Bunker Fuel Suppliers: Credit Risk

December 20, 2007 by SwizStick  
Filed under Seafreight

According to this article from Channel News Asia:

Prices of bunker or shipping fuel are estimated to have jumped by 80 percent over the past year in Singapore.

According to Ocean Intelligence, shipping companies have been increasing their credit lines to finance their operations and it warned that the fallout could hurt the industry.

Matt Cape, director of Ocean Intelligence, said: “(If) one company defaults on bunker payments, a bunker supplier could possibly fold. That, in turn, could have an impact on the insurance company of that bunker supplier and the bank that extends credit lines to that bunker company.

“Those banks and insurance companies will, in turn, put pressure on ship owners and suppliers and you’d have a vicious circle whereby the terms of credit are brought tighter and tighter, making fuel more expensive and making it more likely that ship owners will default.”

Numbers from Ocean Intelligence show that across the 11 major liner operators in the world, profits declined by about 58 percent from 2005 to 2006. The year before that saw a decline of only 2.5 percent.

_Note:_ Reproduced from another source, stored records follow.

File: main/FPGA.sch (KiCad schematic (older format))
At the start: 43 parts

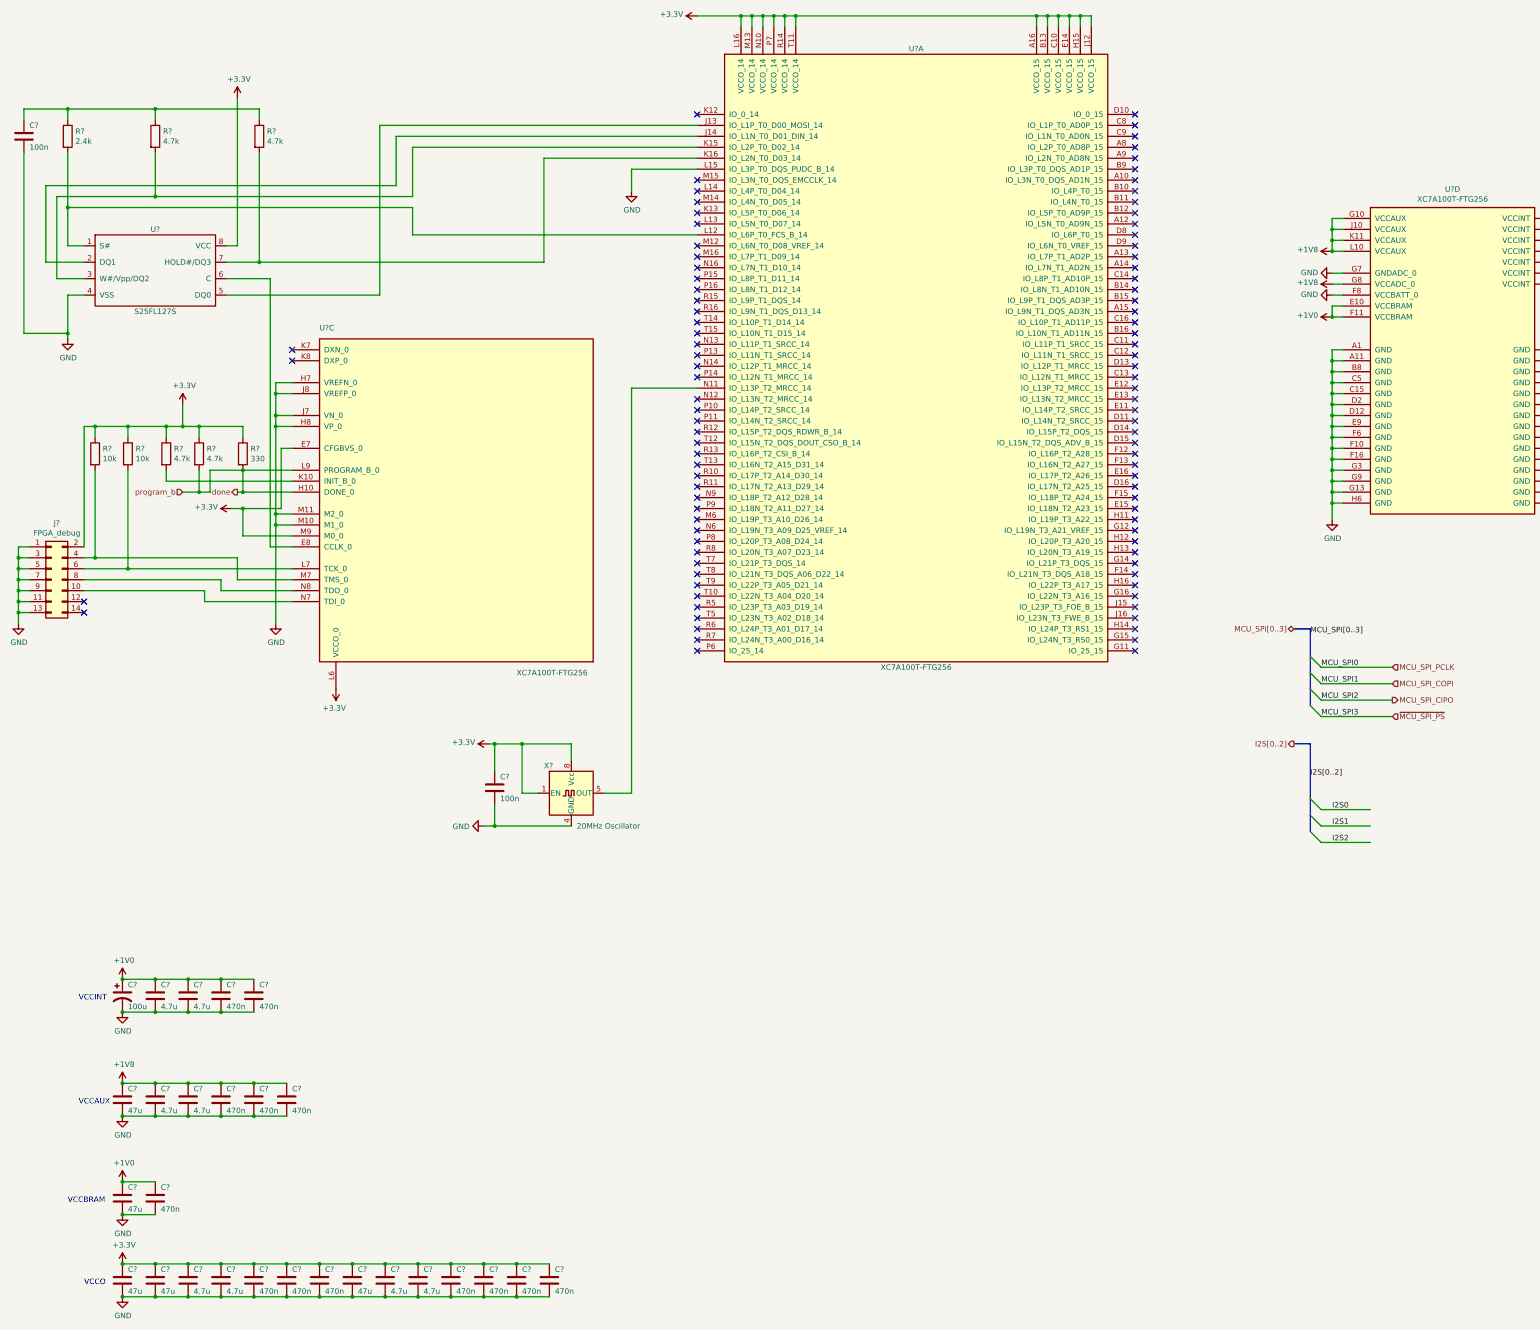
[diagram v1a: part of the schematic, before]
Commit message: Set up switching regulator circuits.
We only use half of the switching regulator that generates the 1V0
voltage. I'm not sure if the half not being used is connected correctly.
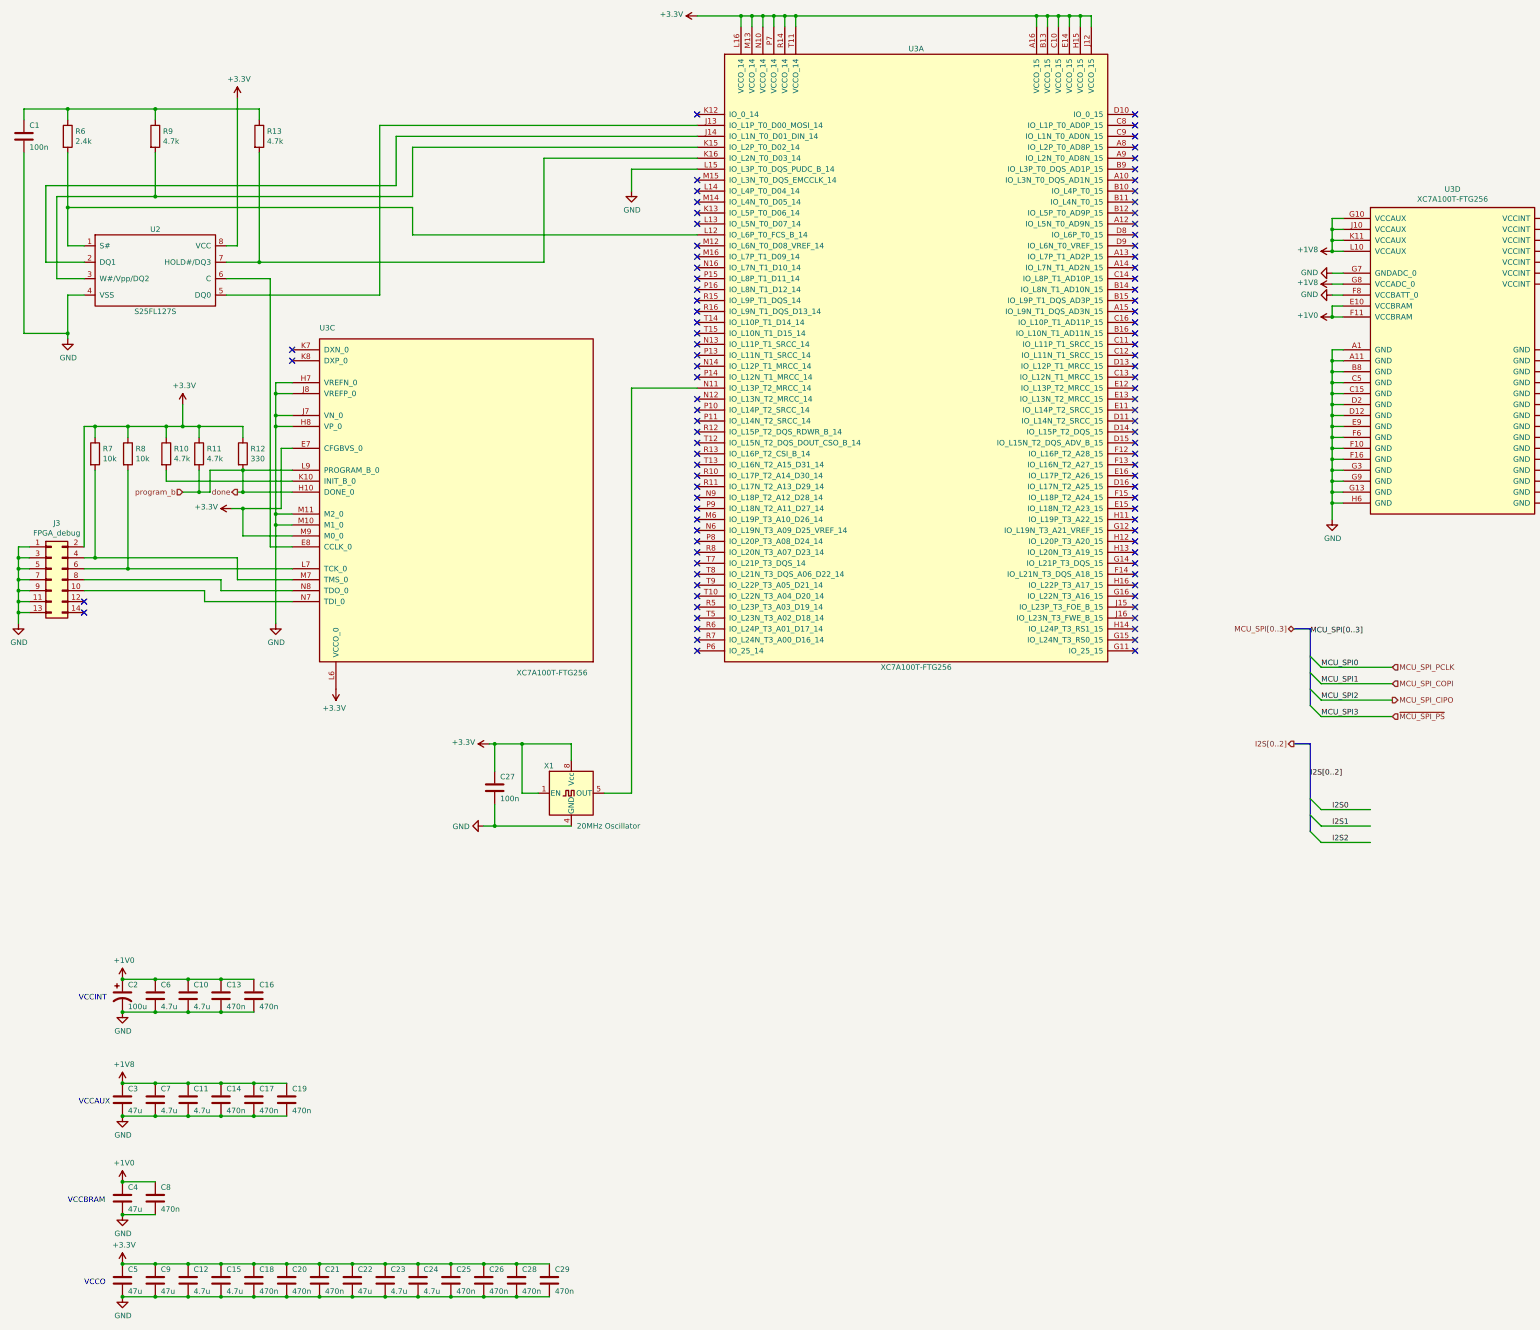
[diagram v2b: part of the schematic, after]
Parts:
- gave numbers to parts that had none: 41

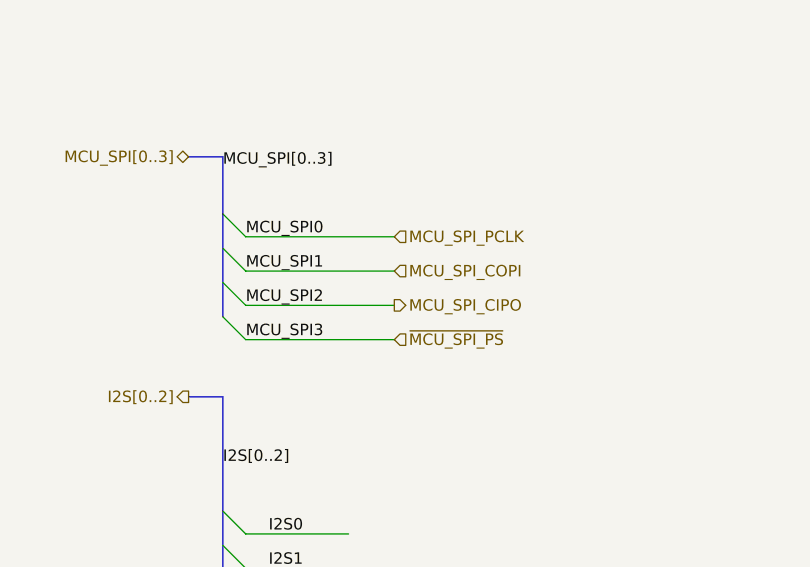
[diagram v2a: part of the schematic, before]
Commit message: Continue wiring of the MCU
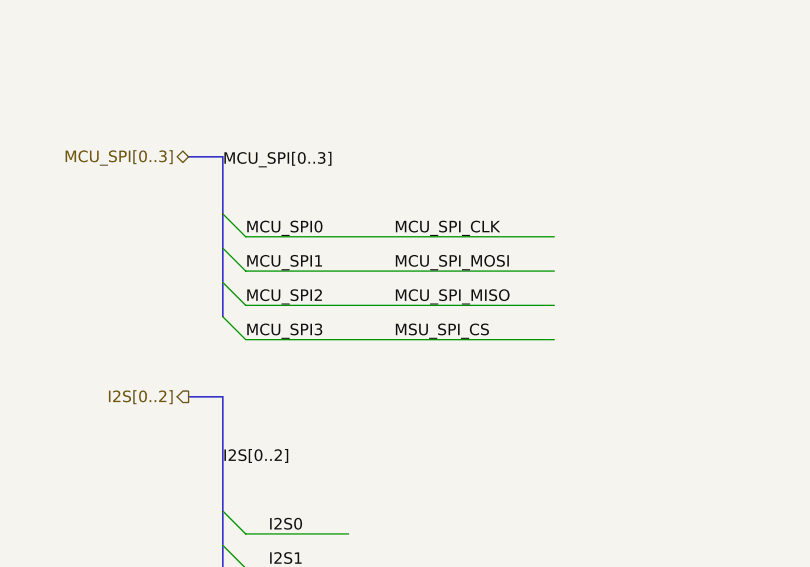
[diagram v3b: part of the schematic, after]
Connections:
- net labels added: MCU_SPI_CLK, MCU_SPI_MISO, MCU_SPI_MOSI, MSU_SPI_CS
- net labels removed: MCU_SPI_CIPO, MCU_SPI_COPI, MCU_SPI_PCLK, ~MCU_SPI_PS
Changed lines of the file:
@@
 $Descr A2 23386 16535
 encoding utf-8
-Sheet 3 7
+Sheet 7 7
 Title "Audio project FPGA connections"
 Date ""
@@
 Entry Wire Line
 	12500 7550 12600 7650
-Text HLabel 13250 8100 2    50   Input ~ 0
-~MCU_SPI_PS
-Text HLabel 13250 7950 2    50   Output ~ 0
-MCU_SPI_CIPO
-Text HLabel 13250 7800 2    50   Input ~ 0
-MCU_SPI_COPI
-Text HLabel 13250 7650 2    50   Input ~ 0
-MCU_SPI_PCLK
 Text Label 12500 7350 0    50   ~ 0
 MCU_SPI[0..3]
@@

While I feel for the ocean carriers and certainly want them to stay solvent, the real problem has to do with how they assess and manage their costs. I am of the opinion that many of them don’t really have a good handle on their costs or how to assess them for the future. From the same article:

Analysts have suggested that shipping companies invest in technologies to be more fuel-efficient and to consider changing routes or revising cost structures.